## About this task
When a line below contains the word "linetype", copy that line.

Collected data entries
================
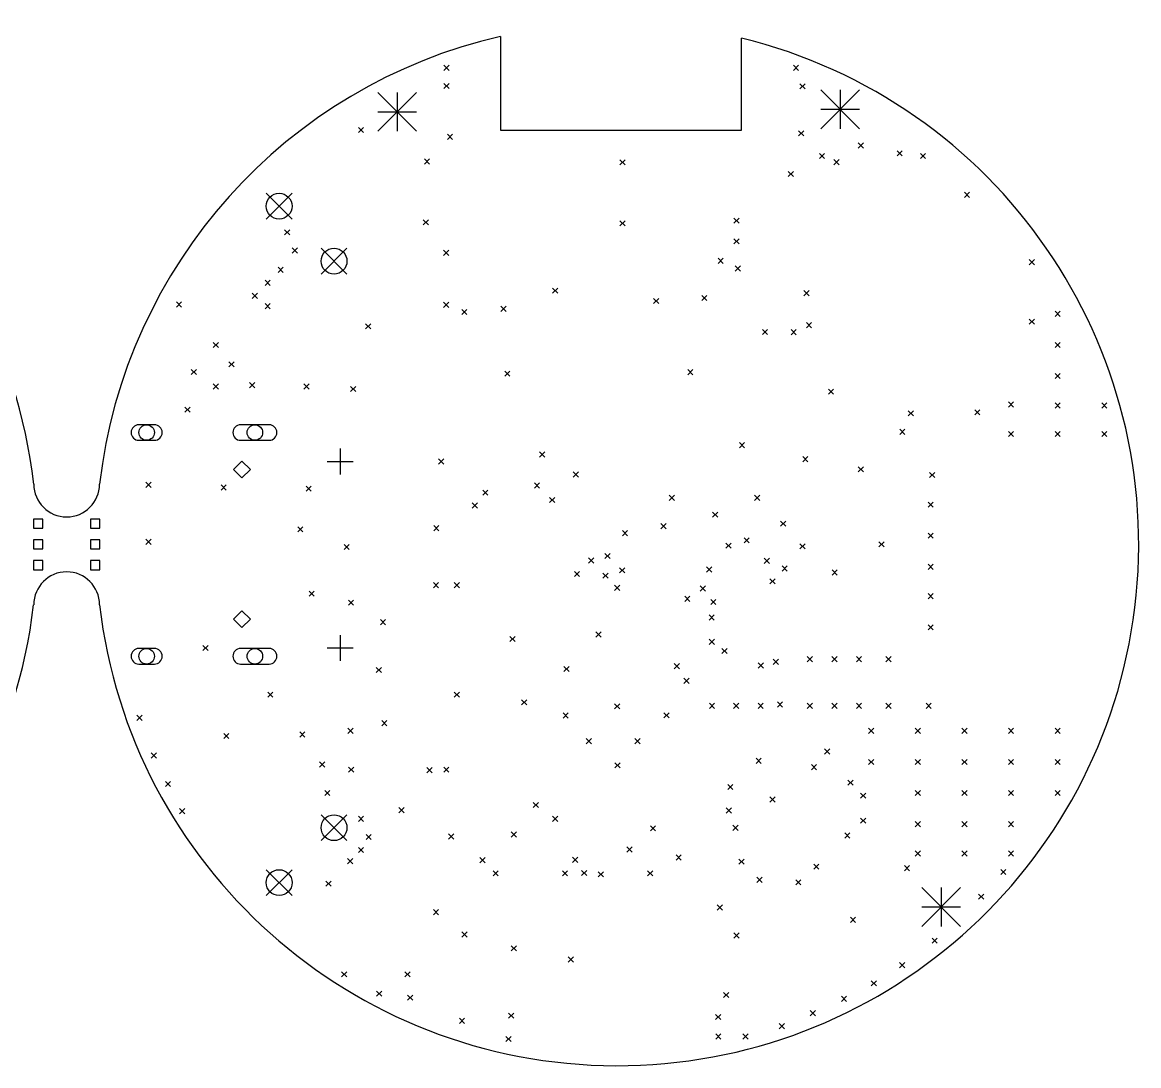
# Model space of a CAD drawing. Extents: x 85.8 to 170.1, y -149.1 to -84.8.
# Drawn here: x 127.03 to 170.13, y -125.13 to -84.84 of the extents above; entities that cross this region are included whole.
import ezdxf

# ---------------------------------------------------------------- set-up
doc = ezdxf.new("R2010")
doc.units = 0
doc.layers.add('BLACK', color=7, linetype='CONTINUOUS')

msp = doc.modelspace()

# ---------------------------------------------------------------- linework, layer by layer
at = {"layer": 'BLACK', "linetype": 'CONTINUOUS'}
for p, q in [((145.491264, -85.38432), (145.490452, -89)), ((154.790452, -89), (154.790452, -85.45)), ((143.3, -86.5), (143.5, -86.7)), ((143.5, -86.5), (143.3, -86.7)), ((156.8, -86.5), (157, -86.7)), ((157, -86.5), (156.8, -86.7)), ((143.3, -87.2), (143.5, -87.4)), ((143.5, -87.2), (143.3, -87.4)), ((157.046635, -87.210914), (157.246635, -87.410914)), ((157.246635, -87.210914), (157.046635, -87.410914)), ((157.85, -87.45), (159.35, -88.95)), ((159.35, -87.45), (157.85, -88.95)), ((158.6, -87.45), (158.6, -88.95)), ((140.75, -87.55), (142.25, -89.05)), ((142.25, -87.55), (140.75, -89.05)), ((141.5, -87.55), (141.5, -89.05)), ((140.75, -88.3), (142.25, -88.3)), ((157.85, -88.2), (159.35, -88.2)), ((140, -88.9), (140.2, -89.1)), ((140.2, -88.9), (140, -89.1)), ((143.435509, -89.159972), (143.635509, -89.359972)), ((143.635509, -89.159972), (143.435509, -89.359972)), ((145.490452, -89), (154.790452, -89)), ((157, -89.024999), (157.2, -89.224999)), ((157.2, -89.024999), (157, -89.224999)), ((159.3, -89.5), (159.5, -89.7)), ((159.5, -89.5), (159.3, -89.7)), ((157.8, -89.9), (158, -90.1)), ((158, -89.9), (157.8, -90.1)), ((160.8, -89.8), (161, -90)), ((161, -89.8), (160.8, -90)), ((161.7, -89.9), (161.9, -90.1)), ((161.9, -89.9), (161.7, -90.1)), ((142.550001, -90.118029), (142.750001, -90.318029)), ((142.750001, -90.118029), (142.550001, -90.318029)), ((150.1, -90.15), (150.3, -90.35)), ((150.3, -90.15), (150.1, -90.35)), ((158.3625, -90.1375), (158.5625, -90.3375)), ((158.5625, -90.1375), (158.3625, -90.3375)), ((156.6, -90.6), (156.8, -90.8)), ((156.8, -90.6), (156.6, -90.8)), ((136.43934, -91.43934), (137.43934, -92.43934)), ((137.43934, -91.43934), (136.43934, -92.43934)), ((163.4, -91.4), (163.6, -91.6)), ((163.6, -91.4), (163.4, -91.6)), ((142.505495, -92.461542), (142.705495, -92.661542)), ((142.705495, -92.461542), (142.505495, -92.661542)), ((150.1, -92.5), (150.3, -92.7)), ((150.3, -92.5), (150.1, -92.7)), ((154.5, -92.4), (154.7, -92.6)), ((154.7, -92.4), (154.5, -92.6)), ((137.15, -92.85), (137.35, -93.05)), ((137.35, -92.85), (137.15, -93.05)), ((154.5, -93.2), (154.7, -93.4)), ((154.7, -93.2), (154.5, -93.4)), ((137.45, -93.55), (137.65, -93.75)), ((137.65, -93.55), (137.45, -93.75)), ((138.56066, -93.56066), (139.56066, -94.56066)), ((139.56066, -93.56066), (138.56066, -94.56066)), ((143.290452, -93.640452), (143.490452, -93.840452)), ((143.490452, -93.640452), (143.290452, -93.840452)), ((153.890452, -93.95), (154.090452, -94.15)), ((154.090452, -93.95), (153.890452, -94.15)), ((136.9, -94.3), (137.1, -94.5)), ((137.1, -94.3), (136.9, -94.5)), ((154.550001, -94.249999), (154.750001, -94.449999)), ((154.750001, -94.249999), (154.550001, -94.449999)), ((165.9, -94), (166.1, -94.2)), ((166.1, -94), (165.9, -94.2)), ((136.4, -94.8), (136.6, -95)), ((136.6, -94.8), (136.4, -95)), ((147.5, -95.1), (147.7, -95.3)), ((147.7, -95.1), (147.5, -95.3)), ((157.2, -95.2), (157.4, -95.4)), ((157.4, -95.2), (157.2, -95.4)), ((132.977504, -95.634557), (133.177504, -95.834557)), ((133.177504, -95.634557), (132.977504, -95.834557)), ((135.9, -95.3), (136.1, -95.5)), ((136.1, -95.3), (135.9, -95.5)), ((143.290452, -95.65), (143.490452, -95.85)), ((143.490452, -95.65), (143.290452, -95.85)), ((151.4, -95.5), (151.6, -95.7)), ((151.6, -95.5), (151.4, -95.7)), ((153.256334, -95.388012), (153.456334, -95.588012)), ((153.456334, -95.388012), (153.256334, -95.588012)), ((136.4, -95.7), (136.6, -95.9)), ((136.6, -95.7), (136.4, -95.9)), ((143.990452, -95.928093), (144.190452, -96.128093)), ((144.190452, -95.928093), (143.990452, -96.128093)), ((145.5025, -95.8025), (145.7025, -96.0025)), ((145.7025, -95.8025), (145.5025, -96.0025)), ((166.9, -96), (167.1, -96.2)), ((167.1, -96), (166.9, -96.2)), ((140.278093, -96.478093), (140.478093, -96.678093)), ((140.478093, -96.478093), (140.278093, -96.678093)), ((157.297106, -96.436247), (157.497106, -96.636247)), ((157.497106, -96.436247), (157.297106, -96.636247)), ((165.9, -96.3), (166.1, -96.5)), ((166.1, -96.3), (165.9, -96.5)), ((155.6, -96.7), (155.8, -96.9)), ((155.8, -96.7), (155.6, -96.9)), ((156.70522, -96.7049), (156.90522, -96.9049)), ((156.90522, -96.7049), (156.70522, -96.9049)), ((134.4, -97.2), (134.6, -97.4)), ((134.6, -97.2), (134.4, -97.4)), ((166.9, -97.2), (167.1, -97.4)), ((167.1, -97.2), (166.9, -97.4)), ((133.546016, -98.246016), (133.746016, -98.446016)), ((133.746016, -98.246016), (133.546016, -98.446016)), ((135, -97.95), (135.2, -98.15)), ((135.2, -97.95), (135, -98.15)), ((152.716252, -98.25), (152.916252, -98.45)), ((152.916252, -98.25), (152.716252, -98.45)), ((145.653801, -98.30888), (145.853801, -98.50888)), ((145.853801, -98.30888), (145.653801, -98.50888)), ((166.9, -98.4), (167.1, -98.6)), ((167.1, -98.4), (166.9, -98.6)), ((134.4, -98.8), (134.6, -99)), ((134.6, -98.8), (134.4, -99)), ((135.8, -98.75), (136, -98.95)), ((136, -98.75), (135.8, -98.95)), ((137.9, -98.8), (138.1, -99)), ((138.1, -98.8), (137.9, -99)), ((139.7, -98.9), (139.9, -99.1)), ((139.9, -98.9), (139.7, -99.1)), ((158.15, -99), (158.35, -99.2)), ((158.35, -99), (158.15, -99.2)), ((165.1, -99.5), (165.3, -99.7)), ((165.3, -99.5), (165.1, -99.7)), ((166.9, -99.535), (167.1, -99.735)), ((167.1, -99.535), (166.9, -99.735)), ((168.7, -99.535), (168.9, -99.735)), ((168.9, -99.535), (168.7, -99.735)), ((133.3, -99.7), (133.5, -99.9)), ((133.5, -99.7), (133.3, -99.9)), ((161.229932, -99.841245), (161.429932, -100.041245)), ((161.429932, -99.841245), (161.229932, -100.041245)), ((163.8, -99.8), (164, -100)), ((164, -99.8), (163.8, -100)), ((132.125, -100.38), (131.525, -100.38)), ((136.555, -100.38), (135.455, -100.38)), ((160.901115, -100.555381), (161.101115, -100.755381)), ((161.101115, -100.555381), (160.901115, -100.755381)), ((165.1, -100.635), (165.3, -100.835)), ((165.3, -100.635), (165.1, -100.835)), ((166.9, -100.635), (167.1, -100.835)), ((167.1, -100.635), (166.9, -100.835)), ((168.7, -100.635), (168.9, -100.835)), ((168.9, -100.635), (168.7, -100.835)), ((131.525, -100.98), (132.125, -100.98)), ((135.455, -100.98), (136.555, -100.98)), ((154.7125, -101.068784), (154.9125, -101.268784)), ((154.9125, -101.068784), (154.7125, -101.268784)), ((139.3, -101.3), (139.3, -102.3)), ((143.1, -101.7), (143.3, -101.9)), ((143.3, -101.7), (143.1, -101.9)), ((146.996379, -101.425793), (147.196379, -101.625793)), ((147.196379, -101.425793), (146.996379, -101.625793)), ((157.155362, -101.608457), (157.355362, -101.808457)), ((157.355362, -101.608457), (157.155362, -101.808457)), ((135.505, -101.785), (135.18, -102.11)), ((135.18, -102.11), (135.505, -102.435)), ((135.83, -102.11), (135.505, -101.785)), ((135.505, -102.435), (135.83, -102.11)), ((138.8, -101.8), (139.8, -101.8)), ((159.3, -102), (159.5, -102.2)), ((159.5, -102), (159.3, -102.2)), ((148.3, -102.2), (148.5, -102.4)), ((148.5, -102.2), (148.3, -102.4)), ((162.053553, -102.218553), (162.253553, -102.418553)), ((162.253553, -102.218553), (162.053553, -102.418553)), ((131.8, -102.6), (132, -102.8)), ((132, -102.6), (131.8, -102.8)), ((134.7, -102.7), (134.9, -102.9)), ((134.9, -102.7), (134.7, -102.9)), ((137.982635, -102.75), (138.182635, -102.95)), ((138.182635, -102.75), (137.982635, -102.95)), ((144.8, -102.9), (145, -103.1)), ((145, -102.9), (144.8, -103.1)), ((146.8, -102.625793), (147, -102.825793)), ((147, -102.625793), (146.8, -102.825793)), ((144.4, -103.4), (144.6, -103.6)), ((144.6, -103.4), (144.4, -103.6)), ((147.385995, -103.185994), (147.585995, -103.385994)), ((147.585995, -103.185994), (147.385995, -103.385994)), ((152, -103.1), (152.2, -103.3)), ((152.2, -103.1), (152, -103.3)), ((155.3, -103.100002), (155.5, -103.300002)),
================
## Output for this exercise
doc.layers.add('BLACK', color=7, linetype='CONTINUOUS')
at = {"layer": 'BLACK', "linetype": 'CONTINUOUS'}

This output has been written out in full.